Perhaps I’m not understanding your idea correctly, but if the policy is a set of public data, we don’t need to hide it? So I assume the policy is something else but I don’t understand what it is that you intended to describe. Could you maybe also describe it less abstractly, instantiating the relevant fields such as policy with what it actually is in the context of building a valid kudos transaction?

3

It only makes sense when there is a receiver who sets up a receiving policy \rho. In the kudos design, for transferring with conditional receive and the kudos-to-anything cases (which both use signatures, I think).

Sorry, that was a typo. I meant the generation of \sigma happens offline. (e.g. the generation of the signature). For signatures, it is not enforced that the signature is generated correctly. But for the PRF it is (it is a side effect: the verification of the authorization consists in verifying a zkp of correct generation. But not that I wanted to enforce correct generation explicitly).

For example, the receive authorization logic of the proposal. I presume it will be a circuit or a SNARK verifying key. In order to pass it through a PRF (or sign it) it needs to be interpreted as a bunch of bits/bytes. The bitlength of the circuit/verifying key must fit in the domain of the PRF (or in the domain of the messages to be signed).

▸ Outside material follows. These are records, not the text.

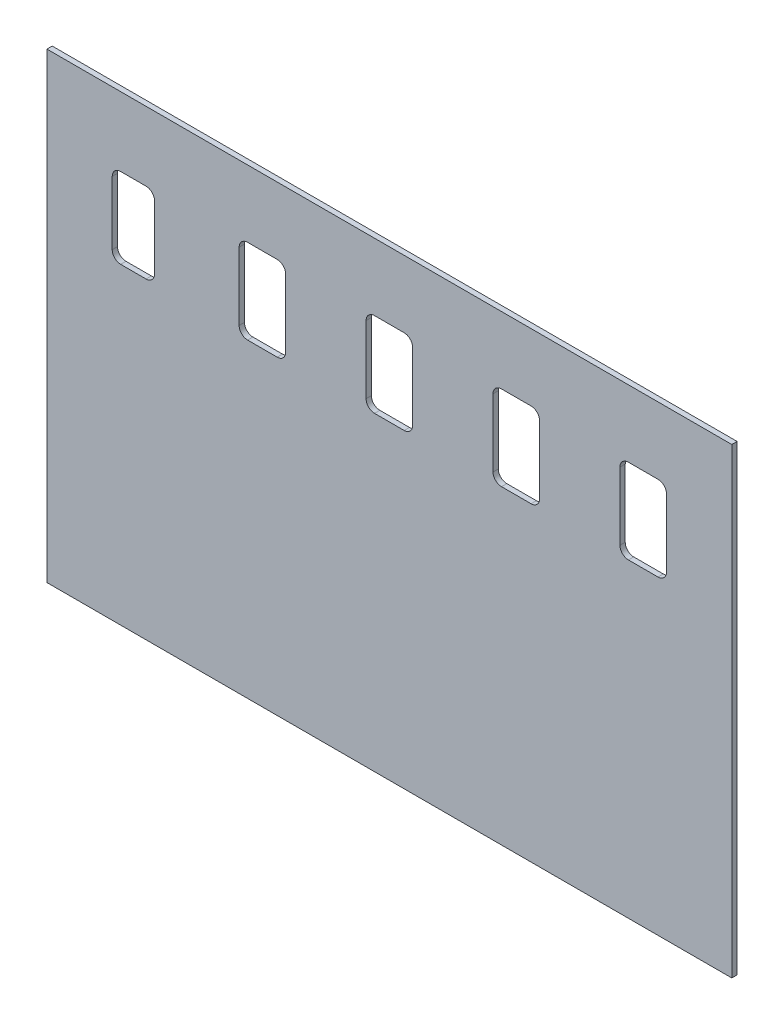
SolidWorks part; units mm, degrees
ref_plane "Front Plane" through (0, 0, 0) normal (0, 0, 1) x (1, 0, 0)
ref_plane "Top Plane" through (0, 0, 0) normal (0, 1, 0) x (1, 0, 0)
ref_plane "Right Plane" through (0, 0, 0) normal (1, 0, 0) x (0, 0, -1)
sketch "Sketch1" plane through (0, 0, 0) normal (0, 0, 1) x (1, 0, 0)
  line L1 (-205.5812, -138.684) -> (205.5812, -138.684)
  line L2 (-205.5812, -138.684) -> (-205.5812, 138.684)
  line L3 (-205.5812, 138.684) -> (205.5812, 138.684)
  line L4 (205.5812, -138.684) -> (205.5812, 138.684)
  line L5 (0, 138.684) -> (0, -138.684) construction
  line L6 (-205.5812, 0) -> (205.5813, 0) construction
  point P0 (0, 0)
  point P4 (-137.0013, 0)
  point P5 (137.0013, 0)
  point P6 (0, 97.0788)
  point P7 (0, -97.0788)
  dimension "Width" = 277.368
  dimension "Break" = 68.58
  dimension "D2" = 68.58
  dimension "D1" = 41.6052
  dimension "D3" = 41.6052
  dimension "D4" = 411.1625
sketch "Sketch2" plane through (0, 0, 0) normal (1, 0, 0) x (0, 0, -1)
  line L0 (-1.5875, -138.684) -> (1.5875, -138.684)
  dimension "Thickness" = 3.175
sketch "Sketch3" plane through (0, 0, 0) normal (0, 0, 1) x (1, 0, 0)
  line L0 (-205.5812, -138.684) -> (-205.5812, 138.684) construction
  line L1 (-205.5812, -138.684) -> (205.5812, -138.684) construction
  line L2 (205.5812, -138.684) -> (205.5812, 138.684) construction
  line L3 (-205.5812, 138.684) -> (205.5812, 138.684) construction
  line L4 (-205.5812, -138.684) -> (-205.5812, 138.684)
  line L5 (-205.5812, -138.684) -> (205.5812, -138.684)
  line L6 (205.5812, -138.684) -> (205.5812, 138.684)
  line L7 (-205.5812, 138.684) -> (205.5812, 138.684)
extrude "Boss-Extrude1" add sketch "Sketch3" along normal mid plane 3.175
sketch "Sketch4" plane through (0, 0, 1.5875) normal (0, 0, 1) x (1, 0, 0)
  line L0 (-227.6475, 73.0327) -> (-161.29, 73.0327) construction
  line L1 (-82.55, 73.0327) -> (-82.55, 98.4327) construction
  line L2 (-82.55, 98.4327) -> (-90.17, 98.4327) construction
  line L3 (-161.29, 73.0327) -> (-161.29, 97.1627) construction
  line L6 (-227.6475, -105.791) -> (-227.6475, 52.959) construction
  line L7 (-227.6475, -115.316) -> (-227.6475, 138.684) construction
  line L8 (-161.29, 73.0327) -> (-82.55, 73.0327) construction
  line L9 (-82.55, 73.0327) -> (-6.35, 73.0327) construction
  line L10 (-6.35, 73.0327) -> (69.85, 73.0327) construction
  line L11 (69.85, 73.0327) -> (146.05, 73.0327) construction
  line L12 (-82.55, 73.0327) -> (-82.55, 47.6327) construction
  line L13 (-82.55, 47.6327) -> (-62.23, 47.6327) construction
  line L16 (-161.29, 97.1627) -> (-166.37, 97.1627) construction
  line L17 (-161.29, 73.0327) -> (-161.29, 48.9027) construction
  line L18 (-161.29, 48.9027) -> (-140.97, 48.9027) construction
  line L19 (-6.35, 73.0327) -> (-6.35, 98.4327) construction
  line L24 (-6.35, 98.4327) -> (-13.97, 98.4327) construction
  line L25 (-6.35, 73.0327) -> (-6.35, 47.6327) construction
  line L26 (-6.35, 47.6327) -> (13.97, 47.6327) construction
  line L27 (69.85, 73.0327) -> (69.85, 98.4327) construction
  line L28 (-8.89, 98.4327) -> (8.89, 98.4327)
  line L29 (-13.97, 93.3527) -> (-13.97, 52.7127)
  line L30 (-8.89, 47.6327) -> (8.89, 47.6327)
  line L31 (13.97, 93.3527) -> (13.97, 52.7127)
  line L32 (69.85, 98.4327) -> (62.23, 98.4327) construction
  line L33 (69.85, 73.0327) -> (69.85, 47.6327) construction
  line L34 (69.85, 47.6327) -> (90.17, 47.6327) construction
  line L35 (146.05, 73.0327) -> (146.05, 98.4327) construction
  line L36 (67.31, 98.4327) -> (85.09, 98.4327)
  line L37 (62.23, 93.3527) -> (62.23, 52.7127)
  line L38 (67.31, 47.6327) -> (85.09, 47.6327)
  line L39 (90.17, 93.3527) -> (90.17, 52.7127)
  line L40 (146.05, 98.4327) -> (138.43, 98.4327) construction
  line L41 (146.05, 73.0327) -> (146.05, 47.6327) construction
  line L42 (146.05, 47.6327) -> (166.37, 47.6327) construction
  line L43 (-205.5812, 138.684) -> (-205.5812, 73.0327) construction
  line L44 (143.51, 98.4327) -> (161.29, 98.4327)
  line L45 (138.43, 93.3527) -> (138.43, 52.7127)
  line L46 (143.51, 47.6327) -> (161.29, 47.6327)
  line L47 (166.37, 93.3527) -> (166.37, 52.7127)
  line L48 (-85.09, 98.4327) -> (-67.31, 98.4327)
  line L49 (-90.17, 93.3527) -> (-90.17, 52.7127)
  line L50 (-85.09, 47.6327) -> (-67.31, 47.6327)
  line L51 (-62.23, 93.3527) -> (-62.23, 52.7127)
  line L53 (-161.29, 97.1627) -> (-146.05, 97.1627)
  line L54 (-166.37, 92.0827) -> (-166.37, 53.9827)
  line L55 (-161.29, 48.9027) -> (-146.05, 48.9027)
  line L56 (-140.97, 92.0827) -> (-140.97, 53.9827)
  arc A0 (138.43, 52.7127) -> (143.51, 47.6327) centre (143.51, 52.7127) ccw
  arc A1 (166.37, 52.7127) -> (161.29, 47.6327) centre (161.29, 52.7127) cw
  arc A2 (161.29, 98.4327) -> (166.37, 93.3527) centre (161.29, 93.3527) cw
  arc A3 (138.43, 93.3527) -> (143.51, 98.4327) centre (143.51, 93.3527) cw
  arc A4 (62.23, 52.7127) -> (67.31, 47.6327) centre (67.31, 52.7127) ccw
  arc A5 (90.17, 52.7127) -> (85.09, 47.6327) centre (85.09, 52.7127) cw
  arc A6 (85.09, 98.4327) -> (90.17, 93.3527) centre (85.09, 93.3527) cw
  arc A7 (67.31, 98.4327) -> (62.23, 93.3527) centre (67.31, 93.3527) ccw
  arc A8 (-13.97, 52.7127) -> (-8.89, 47.6327) centre (-8.89, 52.7127) ccw
  arc A9 (13.97, 52.7127) -> (8.89, 47.6327) centre (8.89, 52.7127) cw
  arc A10 (8.89, 98.4327) -> (13.97, 93.3527) centre (8.89, 93.3527) cw
  arc A11 (-8.89, 98.4327) -> (-13.97, 93.3527) centre (-8.89, 93.3527) ccw
  arc A19 (-90.17, 52.7127) -> (-85.09, 47.6327) centre (-85.09, 52.7127) ccw
  arc A20 (-62.23, 52.7127) -> (-67.31, 47.6327) centre (-67.31, 52.7127) cw
  arc A21 (-67.31, 98.4327) -> (-62.23, 93.3527) centre (-67.31, 93.3527) cw
  arc A22 (-85.09, 98.4327) -> (-90.17, 93.3527) centre (-85.09, 93.3527) ccw
  arc A23 (-166.37, 53.9827) -> (-161.29, 48.9027) centre (-161.29, 53.9827) ccw
  arc A24 (-146.05, 48.9027) -> (-140.97, 53.9827) centre (-146.05, 53.9827) ccw
  arc A25 (-146.05, 97.1627) -> (-140.97, 92.0827) centre (-146.05, 92.0827) cw
  arc A26 (-161.29, 97.1627) -> (-166.37, 92.0827) centre (-161.29, 92.0827) ccw
  point P16 (-76.2, 98.4327)
  point P17 (-90.17, 73.0327)
  point P18 (-13.97, 73.0327)
  point P95 (62.23, 73.0327)
  point P96 (138.43, 73.0327)
  point P97 (0, 98.4327)
  point P98 (76.2, 98.4327)
  point P99 (152.4, 98.4327)
  dimension "D1" = 5.08
  dimension "D2" = 5.08
  dimension "D5" = 5.08
  dimension "D9" = 27.94
  dimension "D10" = 27.94
  dimension "D11" = 27.94
  dimension "D12" = 27.94
  dimension "D3" = 76.2
  dimension "D4" = 76.2
  dimension "D6" = 152.4
  dimension "D7" = 65.6513
extrude "Cut-Extrude1" cut sketch "Sketch4" against normal blind 25.4 contours L53 A26 L54 A23 L55 A24 L56 A25 | A22 L48 A21 L51 A20 L50 A19 L49 | L29 A8 L30 A9 L31 A10 L28 A11 | L37 A4 L38 A5 L39 A6 L36 A7 | A3 L44 A2 L47 A1 L46 A0 L45 region at (-153.67, 73.0327, 1.5875)
equation "\"D1@Boss-Extrude1\" = \"Thickness@Sketch2\""
equation "\"D2@Sketch1\" = \"Break@Sketch1\""
equation "\"D1@Sketch1\"=\"Width@Sketch1\"*0.15"
equation "\"D3@Sketch1\"=\"D1@Sketch1\""
equation "\"SlotWidth\"= 1.1in"
equation "\"D9@Sketch4\"=\"SlotWidth\""
equation "\"D10@Sketch4\"=\"SlotWidth\""
equation "\"D11@Sketch4\"=\"SlotWidth\""
equation "\"D12@Sketch4\"=\"SlotWidth\""

This has to do with this issue. Therein, I think you were concerned about re-using signatures of policies with the same public key. Like re-using the signature of a revoked policy. Translating to the PRF, re-using an evaluation eval = PRF_s(\rho_{rvk}) for the same address addr = Commit(s;r).

For signatures, putting \sigma (the signature) as part of the instance leaks the policy \rho that is signed: just try to verify the signature using different policies until a match is found.

For PRFs, putting \sigma = PRF_s(\rho) in the instance does not leak \rho, because \sigma is pseudorandom as long as s is not known. So, we can revoke policies by including \sigma in a public list, and during verification check \sigma is not in that list.

4

Yes, but if we abstract authorisation, we will use it everywhere in this form, including for all other kinds of authorisation.

Ah, I see. I confused “identified” and “represented”.

Who is generating \sigma? If the user has to generate it every time it has to be used, it is pretty much equivalent to having the user being online for the authorisation, which is undesirable. If the user generates it once, then the prover is not incentivised to re-randomise it. From what I see, it works the same way as for signatures (the user can always re-randomize the signature, and the prover is not incentivised to do so).